Indonesian authorities believe different groups coordinated plans to exploit political rallies last week to cause chaos, which included a bid to create “martyrs” by shooting protesters, President Joko Widodo’s chief of staff said.

Eight people were killed and more than 900 wounded in some of the worst civil unrest in the capital in decades last week after rallies by supporters of defeated presidential candidate Prabowo Subianto descended into clashes with security forces.

Security officials suspect the violence, which broke out after Widodo was confirmed the winner of last month’s poll, was organised by a number of groups, including one linked to Islamic State and another to a retired special forces general accused of smuggling weapons to Jakarta.

“There was a correlation between them from our intelligence information,” Presidential Chief of Staff Moeldoko (photo), a retired armed forces chief, told Reuters.

“We already know the field coordinators,” he said, adding that investigators were trying to pinpoint the masterminds behind the plans and financial backers.

Police have said that envelopes of cash carried by some arrested rioters indicated mobs were paid to cause trouble.

Ahead of last week’s unrest, police rounded up dozens of suspected militants, some of whom authorities said planned to detonate bombs during political protests.

Police have also arrested six people suspected of plotting to assassinate state officials and at least one opposition figure on treason charges and for spreading fake news.

Prabowo’s political party, Gerindra, has denied any links to the violence and complained that authorities were trying to pin the blame for the riots on him.

Moeldoko described one of the groups planning attacks as being “well trained” and said police had found guns including a sniper rifle that they believed were intended to be used to kill protesters so police would take the blame.

In response, he said authorities had deliberately ensured that police and the army were not equipped with live ammunition.

“This was to counter if something (happened), to show it doesn’t come from us,” said Moeldoko.

Fadli Zon, deputy chairperson of Gerindra, last week accused police of initiating an attack on protesters and said he found 171 bullets, including live rounds, when he visited the area where most deaths occurred last Wednesday.

Moeldoko said autopsies were still being conducted but said an early indication from the laboratory suggested that the rotation of a bullet that hit a victim was to the right, and the mobile police brigade used weapons with bullets that spun in the opposite direction.

“It could mean that there are other armed groups that have not been detained. Because from the beginning they wanted to create martyrs,” he said.

Moeldoko denied that government actions, which included for the first time in Indonesia temporary curbs on social media aimed at stopping hoax stories being spread, were repressive.

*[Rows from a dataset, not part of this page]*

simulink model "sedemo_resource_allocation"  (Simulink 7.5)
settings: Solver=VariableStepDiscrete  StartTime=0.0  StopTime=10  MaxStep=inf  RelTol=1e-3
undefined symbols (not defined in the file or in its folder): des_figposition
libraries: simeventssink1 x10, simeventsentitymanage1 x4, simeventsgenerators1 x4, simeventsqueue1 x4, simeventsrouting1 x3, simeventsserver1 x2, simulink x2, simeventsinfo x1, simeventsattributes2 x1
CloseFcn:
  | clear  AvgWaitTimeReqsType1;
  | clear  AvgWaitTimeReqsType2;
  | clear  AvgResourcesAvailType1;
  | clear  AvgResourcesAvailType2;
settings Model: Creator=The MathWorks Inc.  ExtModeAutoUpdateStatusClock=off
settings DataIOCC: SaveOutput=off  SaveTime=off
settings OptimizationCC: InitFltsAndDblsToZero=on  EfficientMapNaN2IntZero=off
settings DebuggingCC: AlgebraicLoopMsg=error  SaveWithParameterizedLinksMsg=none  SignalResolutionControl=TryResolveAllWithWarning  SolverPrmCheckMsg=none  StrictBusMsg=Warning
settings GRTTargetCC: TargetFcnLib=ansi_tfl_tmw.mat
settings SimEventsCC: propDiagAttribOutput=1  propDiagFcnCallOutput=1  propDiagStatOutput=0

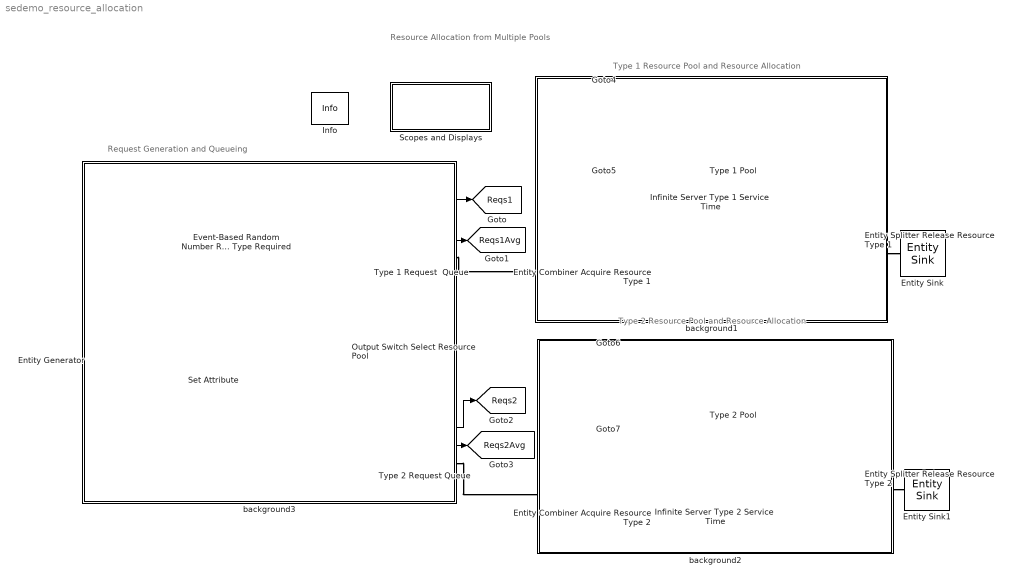
== system sedemo_resource_allocation ==
  note: Resource Allocation from Multiple Pools
  note: Type 1 Resource Pool and Resource Allocation
  note: Type 2 Resource Pool and Resource Allocation
  note: Request Generation and Queueing
  Entity Combiner Acquire Resource Type 1 : simeventsentitymanage1/Entity Combiner  Priority=1  SystemSampleTime=-1  NumberInputPorts=2  RetainComponentEntities=on  AttributeAccessibility=on  TimerAccessibility=on  AttributeCopied=on  TimerCopied=on  StatNumberDeparted=Off  EvaluatedNumPorts=2
  Entity Combiner Acquire Resource Type 2 : simeventsentitymanage1/Entity Combiner  Priority=1  SystemSampleTime=-1  NumberInputPorts=2  RetainComponentEntities=on  AttributeAccessibility=on  TimerAccessibility=on  AttributeCopied=on  TimerCopied=on  StatNumberDeparted=Off  EvaluatedNumPorts=2
  Entity Generator : simeventsgenerators1/Entity Generators/Time-Based Entity Generator  Priority=1  DialogController=des_ddg_create  DialogControllerArgs=DataTag3  SystemSampleTime=-1  GenerateEntitiesUpon=Intergeneration time from dialog  Distribution=Uniform  Minimum=0.001  Maximum=.02  Mean=1  InitialSeed=6765331  Period=.01  PriorityEntityGeneration=300  GenerateEntityAtSimulationStart=on  ResponseWhenBlocked=Pause generation  ResponseWhenUnblocked=Immediate restart  EntityType=Standard  StatNumberDeparted=Off  StatPendingEntity=Off  StatAverageIntergenerationTime=Off
  Entity Sink : simeventssink1/Entity Sink  Priority=1  SystemSampleTime=-1  AvailableForArrivals=on  StatNumberArrived=Off
  Entity Sink1 : simeventssink1/Entity Sink  Priority=1  SystemSampleTime=-1  AvailableForArrivals=on  StatNumberArrived=Off
  Entity Splitter Release Resource Type 1 : simeventsentitymanage1/Entity Splitter  Priority=1  SystemSampleTime=-1  NumberOutputPorts=2  SplitEntityWhen=All entity output ports are not blocked  OutputPortPrecedence=OUT1 port  InitialSeed=56789  ActionUponPortMismatch=Continue  ActionUponBlocking=Discard entity  StatNumberArrived=Off  StatNumberDeparted=Off  EvaluatedNumPorts=2
  Entity Splitter Release Resource Type 2 : simeventsentitymanage1/Entity Splitter  Priority=1  SystemSampleTime=-1  NumberOutputPorts=2  SplitEntityWhen=All entity output ports are not blocked  OutputPortPrecedence=OUT1 port  InitialSeed=56789  ActionUponPortMismatch=Continue  ActionUponBlocking=Discard entity  StatNumberArrived=Off  StatNumberDeparted=Off  EvaluatedNumPorts=2
  Event-Based Random Number Resource Type Required : simeventsgenerators1/Signal Generators/Event-Based Random Number  SystemSampleTime=-1  distribution=Arbitrary discrete  meanExp=1  minUnif=1  maxUnif=1  pOneBern=0.25  pSuccessBino=0.5  numTrialBino=1  meanNorm=0  stdNorm=1  minTri=1  maxTri=3  modeTri=2  thresholdLogn=0  scaleLogn=1  shapeLogn=1  pSuccessGeo=0.5  meanPoiss=1  thresholdLogl=0  scaleLogl=1  thresholdGam=0  scaleGam=1  shapeGam=1  minBeta=0  maxBeta=1  shape1Beta=1  shape2Beta=1  minUnid=0  maxUnid=1  numValueUnid=2  thresholdWbl=0  scaleWbl=1  shapeWbl=1  valueVecCont=[0 1]  cdfVecCont=[0 1]  valueVecDisc=[1 2]  probVecDisc=[0.4 0.6]  seed=345345  IsProcessed=on  isConnected=1
      settings: AttributesFormatString=Prob(Type1,Type2) = %<probVecDisc>
  Infinite Server Type 1 Service  Time : simeventsserver1/Infinite Server  Priority=1  SystemSampleTime=-1  ServiceTimeFrom=Dialog  ServiceTime=.05  AttributeName=ServiceTime  PriorityServiceCompletion=500  EnableTOPort=off  StatNumberDeparted=Off  StatNumberInBlock=Off  StatPendingEntity=Off  StatNumberPending=Off  StatAverageWait=Off  StatNumberTimedout=Off
  Infinite Server Type 2 Service  Time : simeventsserver1/Infinite Server  Priority=1  SystemSampleTime=-1  ServiceTimeFrom=Dialog  ServiceTime=.07  AttributeName=ServiceTime  PriorityServiceCompletion=500  EnableTOPort=off  StatNumberDeparted=Off  StatNumberInBlock=Off  StatPendingEntity=Off  StatNumberPending=Off  StatAverageWait=Off  StatNumberTimedout=Off
  Info : simeventsinfo/Info  SystemSampleTime=-1
  Output Switch Select Resource  Pool : simeventsrouting1/Output Switch  Priority=1  SystemSampleTime=-1  NumberOutputPorts=2  SwitchingCriterion=From attribute  InitialSeed=34567  AttributeName=RequestType  InitialConditionsOpt=off  InitialConditions=1  EntityBufferOpt=off  SpecifyEventPriority=off  PriorityOutputSwitchSelectPort=4100  TimeoutPortOpt=off  StatNumberDeparted=Off  StatNumberTimedOut=Off  StatPendingEntity=Off  StatLastDeparturePort=Off  EvaluatedNumPorts=2
  Scopes and Displays : Subsystem
      mask Display: disp('Scopes and Displays');
  Set Attribute : simeventsattributes2/Set Attribute  Priority=1  DialogController=des_ddg_create  DialogControllerArgs=DataTag16  SystemSampleTime=-1  AttributeFrom=Signal port  AttributeName=RequestType  AttributeTreatAsVector=1  AttributeValue=1  AttributeCreate=on  StatNumberDeparted=Off  EvaluatedAttributeValue={[]}
  Type 1 Pool : Subsystem  mask(Resource Pool Type 1){InitResourcesType1=4}
      mask prompts: InitResourcesType1 "Size of resource pool:"
      mask help: Creates Type 1 resources at the beginning of simulation and stores them for use during the simulation. You can specify the size of this pool by entering a positive finite number for the parameter 'Size of resource pool'.
      settings: AttributesFormatString=Initial Resources = %<InitResourcesType1>
  Type 1 Request  Queue : simeventsqueue1/FIFO Queue  Priority=1  SystemSampleTime=-1  Capacity=inf  EnableTOPort=off  StatNumberDeparted=Off  StatNumberInBlock=On  StatPendingEntity=Off  StatAverageWait=On  StatAverageQueueLength=Off  StatNumberTimedout=Off
  Type 2 Pool : Subsystem  mask(Resource Pool for Type 2){InitResourcesType2=8}
      mask prompts: InitResourcesType2 "Size of resource pool:"
      mask help: Creates type 2 resources at the beginning of simulation and stores them for use during the simulation. You can specify the size of this pool by entering a positive finite number for the parameter 'Size of resource pool'.
      settings: AttributesFormatString=Initial Resources = %<InitResourcesType2>
  Type 2 Request Queue : simeventsqueue1/FIFO Queue  Priority=1  SystemSampleTime=-1  Capacity=inf  EnableTOPort=off  StatNumberDeparted=Off  StatNumberInBlock=On  StatPendingEntity=Off  StatAverageWait=On  StatAverageQueueLength=Off  StatNumberTimedout=Off
  background1 : Subsystem
      mask Display: disp('')
  background2 : Subsystem
      mask Display: disp('')
  background3 : Subsystem
      mask Display: disp('')
  tag scope: AvgRes1=global, AvgRes2=global, Reqs1=global, Reqs1Avg=global, Reqs2=global, Reqs2Avg=global, Res1=global, Res2=global
  wires:
  Type 2 Request Queue/1 -> [Reqs2]
  Event-Based Random Number Resource Type Required/1 -> Set Attribute/1
  Type 1 Request  Queue/1 -> [Reqs1]
  Type 1 Request  Queue/2 -> [Reqs1Avg]
  Type 2 Request Queue/2 -> [Reqs2Avg]
  Type 1 Pool/1(Length) -> [Res1]
  Type 1 Pool/2(Avg Length) -> [AvgRes1]
  Type 2 Pool/1(Length) -> [Res2]
  Type 2 Pool/2(Avg Length) -> [AvgRes2]
  connections:
  Type 1 Pool/RConn1 -- Entity Combiner Acquire Resource Type 1/LConn1
  Type 1 Pool/LConn1 -- Entity Splitter Release Resource Type 1/RConn1
  Entity Combiner Acquire Resource Type 1/RConn1 -- Infinite Server Type 1 Service  Time/LConn1
  Infinite Server Type 1 Service  Time/RConn1 -- Entity Splitter Release Resource Type 1/LConn1
  Entity Splitter Release Resource Type 1/RConn2 -- Entity Sink/LConn1
  Output Switch Select Resource  Pool/RConn1 -- Type 1 Request  Queue/LConn1
  Output Switch Select Resource  Pool/RConn2 -- Type 2 Request Queue/LConn1
  Entity Combiner Acquire Resource Type 2/RConn1 -- Infinite Server Type 2 Service  Time/LConn1
  Entity Splitter Release Resource Type 2/RConn2 -- Entity Sink1/LConn1
  Type 2 Request Queue/RConn1 -- Entity Combiner Acquire Resource Type 2/LConn2
  Infinite Server Type 2 Service  Time/RConn1 -- Entity Splitter Release Resource Type 2/LConn1
  Type 2 Pool/LConn1 -- Entity Splitter Release Resource Type 2/RConn1
  Type 2 Pool/RConn1 -- Entity Combiner Acquire Resource Type 2/LConn1
  Type 1 Request  Queue/RConn1 -- Entity Combiner Acquire Resource Type 1/LConn2
  Set Attribute/RConn1 -- Output Switch Select Resource  Pool/LConn1
  Entity Generator/RConn1 -- Set Attribute/LConn1

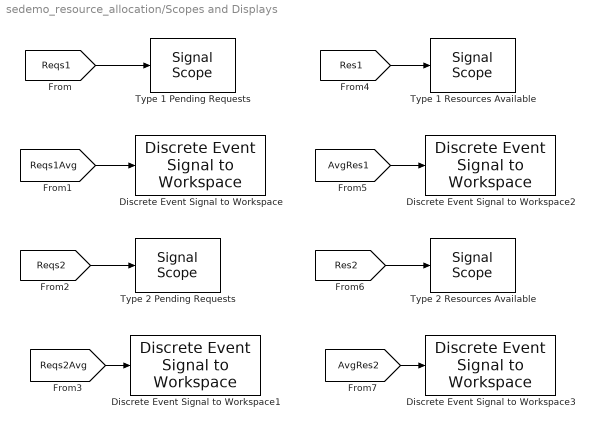
== system sedemo_resource_allocation/Scopes and Displays ==
  Discrete Event Signal to Workspace : simeventssink1/Discrete Event Signal to Workspace  SystemSampleTime=-1  VariableName=AvgWaitTimeReqsType1  SaveFormat=Structure With Time  IsMonitorOnly=off
  Discrete Event Signal to Workspace1 : simeventssink1/Discrete Event Signal to Workspace  SystemSampleTime=-1  VariableName=AvgWaitTimeReqsType2  SaveFormat=Structure With Time  IsMonitorOnly=off
  Discrete Event Signal to Workspace2 : simeventssink1/Discrete Event Signal to Workspace  SystemSampleTime=-1  VariableName=AvgResourcesAvailType1  SaveFormat=Structure With Time  IsMonitorOnly=off
  Discrete Event Signal to Workspace3 : simeventssink1/Discrete Event Signal to Workspace  SystemSampleTime=-1  VariableName=AvgResourcesAvailType2  SaveFormat=Structure With Time  IsMonitorOnly=off
  Type 1 Pending Requests : simeventssink1/Signal Scope  Priority=1  SystemSampleTime=-1  PlotType=Stem  InputType=Signal  NumInputs=1  AttributeNameY=Count  XInputOptionSignal=Event time  XInputOptionEntity=Event time  AttributeNameX=Count  EnableEntityOutport=on  XMin=0  XMax=10  XLimitExceededOption=Keep axis limits unchanged  YLimitExceededOption=Keep axis limits unchanged  AxisGrid=on  AxisLegend=off  LineDisables=""  LineColors="1  0  0"  LineStyles=-  LineMarkers=.  OpenScopeAtSimStart=on  Title=Pending Type 1 Requests  YLabel=Requests  XLabel=Time  FigurePosition=des_figposition([15,5,22,22])  AxisZoom=off  DataStoreOption=Limited  DataPointsLimit=10000  StatNumberArrived=Off  ShowCountPlotted=off  ShowToolbar=on
      settings: YMin=0  YMax=5
  Type 1 Resources Available : simeventssink1/Signal Scope  Priority=1  SystemSampleTime=-1  PlotType=Stair  InputType=Signal  NumInputs=1  AttributeNameY=Count  XInputOptionSignal=Event time  XInputOptionEntity=Event time  AttributeNameX=Count  EnableEntityOutport=on  XMin=0  XMax=10  XLimitExceededOption=Keep axis limits unchanged  YLimitExceededOption=Keep axis limits unchanged  AxisGrid=on  AxisLegend=off  LineDisables=""  LineColors="1  0  0"  LineStyles=-  LineMarkers=.  OpenScopeAtSimStart=on  Title=Type 1 Resources Available  YLabel=Requests  XLabel=Time  FigurePosition=des_figposition([38,5,22,22])  AxisZoom=off  DataStoreOption=Limited  DataPointsLimit=10000  StatNumberArrived=Off  ShowCountPlotted=off  ShowToolbar=on
      settings: YMin=0  YMax=10
  Type 2 Pending Requests : simeventssink1/Signal Scope  Priority=1  SystemSampleTime=-1  PlotType=Stem  InputType=Signal  NumInputs=1  AttributeNameY=Count  XInputOptionSignal=Event time  XInputOptionEntity=Event time  AttributeNameX=Count  EnableEntityOutport=on  XMin=0  XMax=10  XLimitExceededOption=Keep axis limits unchanged  YLimitExceededOption=Keep axis limits unchanged  AxisGrid=on  AxisLegend=off  LineDisables=""  LineColors=b  LineStyles=-  LineMarkers=.  OpenScopeAtSimStart=on  Title=Pending Type 2 Requests  YLabel=Requests  XLabel=Time  FigurePosition=des_figposition([15,28,22,22])  AxisZoom=off  DataStoreOption=Limited  DataPointsLimit=10000  StatNumberArrived=Off  ShowCountPlotted=off  ShowToolbar=on
      settings: YMin=0  YMax=5
  Type 2 Resources Available : simeventssink1/Signal Scope  Priority=1  SystemSampleTime=-1  PlotType=Stair  InputType=Signal  NumInputs=1  AttributeNameY=Count  XInputOptionSignal=Event time  XInputOptionEntity=Event time  AttributeNameX=Count  EnableEntityOutport=on  XMin=0  XMax=10  XLimitExceededOption=Keep axis limits unchanged  YLimitExceededOption=Keep axis limits unchanged  AxisGrid=on  AxisLegend=off  LineDisables=""  LineColors=b  LineStyles=-  LineMarkers=.  OpenScopeAtSimStart=on  Title=Type 2 Resources Available  YLabel=Requests  XLabel=Time  FigurePosition=des_figposition([38,28,22,22])  AxisZoom=off  DataStoreOption=Limited  DataPointsLimit=10000  StatNumberArrived=Off  ShowCountPlotted=off  ShowToolbar=on
      settings: YMin=0  YMax=10
  wires:
  [Reqs1] -> Type 1 Pending Requests/1
  [Reqs1Avg] -> Discrete Event Signal to Workspace/1
  [Reqs2] -> Type 2 Pending Requests/1
  [Reqs2Avg] -> Discrete Event Signal to Workspace1/1
  [Res1] -> Type 1 Resources Available/1
  [AvgRes1] -> Discrete Event Signal to Workspace2/1
  [Res2] -> Type 2 Resources Available/1
  [AvgRes2] -> Discrete Event Signal to Workspace3/1

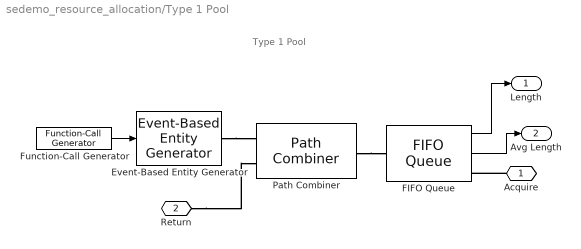
== system sedemo_resource_allocation/Type 1 Pool ==
  note: Type 1 Pool
  Event-Based Entity Generator : simeventsgenerators1/Entity Generators/Event-Based Entity Generator  Priority=1  DialogController=des_ddg_create  DialogControllerArgs=DataTag18  SystemSampleTime=-1  GenerateEntitiesUpon=Function call from port fcn  SignalEdgeType=Rising  SpecifyEventPriority=off  PriorityEntityGeneration=300  GenerateEntityAtSimulationStart=on  AllowBlocking=on  ResponseDuringBlockage=Discard generated entities  EntityType=Blank  StatNumberDeparted=Off  StatPendingEntity=Off  StatAverageIntergenerationTime=Off
  FIFO Queue : simeventsqueue1/FIFO Queue  Priority=1  SystemSampleTime=-1  Capacity=25  EnableTOPort=off  StatNumberDeparted=Off  StatNumberInBlock=On  StatPendingEntity=Off  StatAverageWait=Off  StatAverageQueueLength=On  StatNumberTimedout=Off
  Function-Call Generator : simulink/Ports & Subsystems/Function-Call Generator  sample_time=1e100  numberOfIterations=InitResourcesType1
  Path Combiner : simeventsrouting1/Path Combiner  Priority=1  SystemSampleTime=-1  NumberInputPorts=2  InputPortPrecedence=IN1 port  InitialSeed=45675  SpecifyEventPriority=off  PriorityPathCombinerPortPrecedenceSelection=4100  StatNumberDeparted=Off  StatLastArrivalPort=Off  EvaluatedNumPorts=2
  Acquire : PMIOPort  Port=1  Side=Right
  Return : PMIOPort  Port=2  Side=Left
  Length : Outport  OutDataType=sfix(16)  OutScaling=2^0
  Avg Length : Outport  Port=2  OutDataType=sfix(16)  OutScaling=2^0
  wires:
  Function-Call Generator/1 -> Event-Based Entity Generator/1
  FIFO Queue/1 -> Length/1
  FIFO Queue/2 -> Avg Length/1
  connections:
  Event-Based Entity Generator/RConn1 -- Path Combiner/LConn1
  Path Combiner/RConn1 -- FIFO Queue/LConn1
  Acquire/RConn1 -- FIFO Queue/RConn1
  Return/RConn1 -- Path Combiner/LConn2

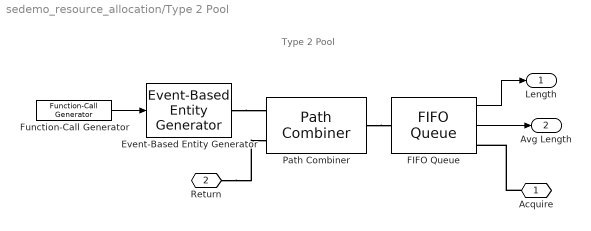
== system sedemo_resource_allocation/Type 2 Pool ==
  note: Type 2 Pool
  Event-Based Entity Generator : simeventsgenerators1/Entity Generators/Event-Based Entity Generator  Priority=1  DialogController=des_ddg_create  DialogControllerArgs=DataTag23  SystemSampleTime=-1  GenerateEntitiesUpon=Function call from port fcn  SignalEdgeType=Rising  SpecifyEventPriority=off  PriorityEntityGeneration=300  GenerateEntityAtSimulationStart=on  AllowBlocking=on  ResponseDuringBlockage=Discard generated entities  EntityType=Blank  StatNumberDeparted=Off  StatPendingEntity=Off  StatAverageIntergenerationTime=Off
  FIFO Queue : simeventsqueue1/FIFO Queue  Priority=1  SystemSampleTime=-1  Capacity=25  EnableTOPort=off  StatNumberDeparted=Off  StatNumberInBlock=On  StatPendingEntity=Off  StatAverageWait=Off  StatAverageQueueLength=On  StatNumberTimedout=Off
  Function-Call Generator : simulink/Ports & Subsystems/Function-Call Generator  sample_time=1e100  numberOfIterations=InitResourcesType2
  Path Combiner : simeventsrouting1/Path Combiner  Priority=1  SystemSampleTime=-1  NumberInputPorts=2  InputPortPrecedence=IN1 port  InitialSeed=45675  SpecifyEventPriority=off  PriorityPathCombinerPortPrecedenceSelection=4100  StatNumberDeparted=Off  StatLastArrivalPort=Off  EvaluatedNumPorts=2
  Acquire : PMIOPort  Port=1  Side=Right
  Return : PMIOPort  Port=2  Side=Left
  Length : Outport  OutDataType=sfix(16)  OutScaling=2^0
  Avg Length : Outport  Port=2  OutDataType=sfix(16)  OutScaling=2^0
  wires:
  Function-Call Generator/1 -> Event-Based Entity Generator/1
  FIFO Queue/2 -> Avg Length/1
  FIFO Queue/1 -> Length/1
  connections:
  Event-Based Entity Generator/RConn1 -- Path Combiner/LConn1
  Path Combiner/RConn1 -- FIFO Queue/LConn1
  Acquire/RConn1 -- FIFO Queue/RConn1
  Return/RConn1 -- Path Combiner/LConn2

== system sedemo_resource_allocation/background1 ==

== system sedemo_resource_allocation/background2 ==

== system sedemo_resource_allocation/background3 ==

“I have a strong belief that if democracy is not guarded by strong laws, constitutional instruments, then the tendency for anarchy is very high,” he said.

Asked whether Indonesia’s young democracy was mature enough to ride out these tensions, he said that while the events had been “quite shocking” they should not cause undue alarm.

“In my opinion, there is nothing that we should be afraid of from the recent incidents,” he said, adding that security forces could deal with the situation and there was no “acute disease in our democracy”.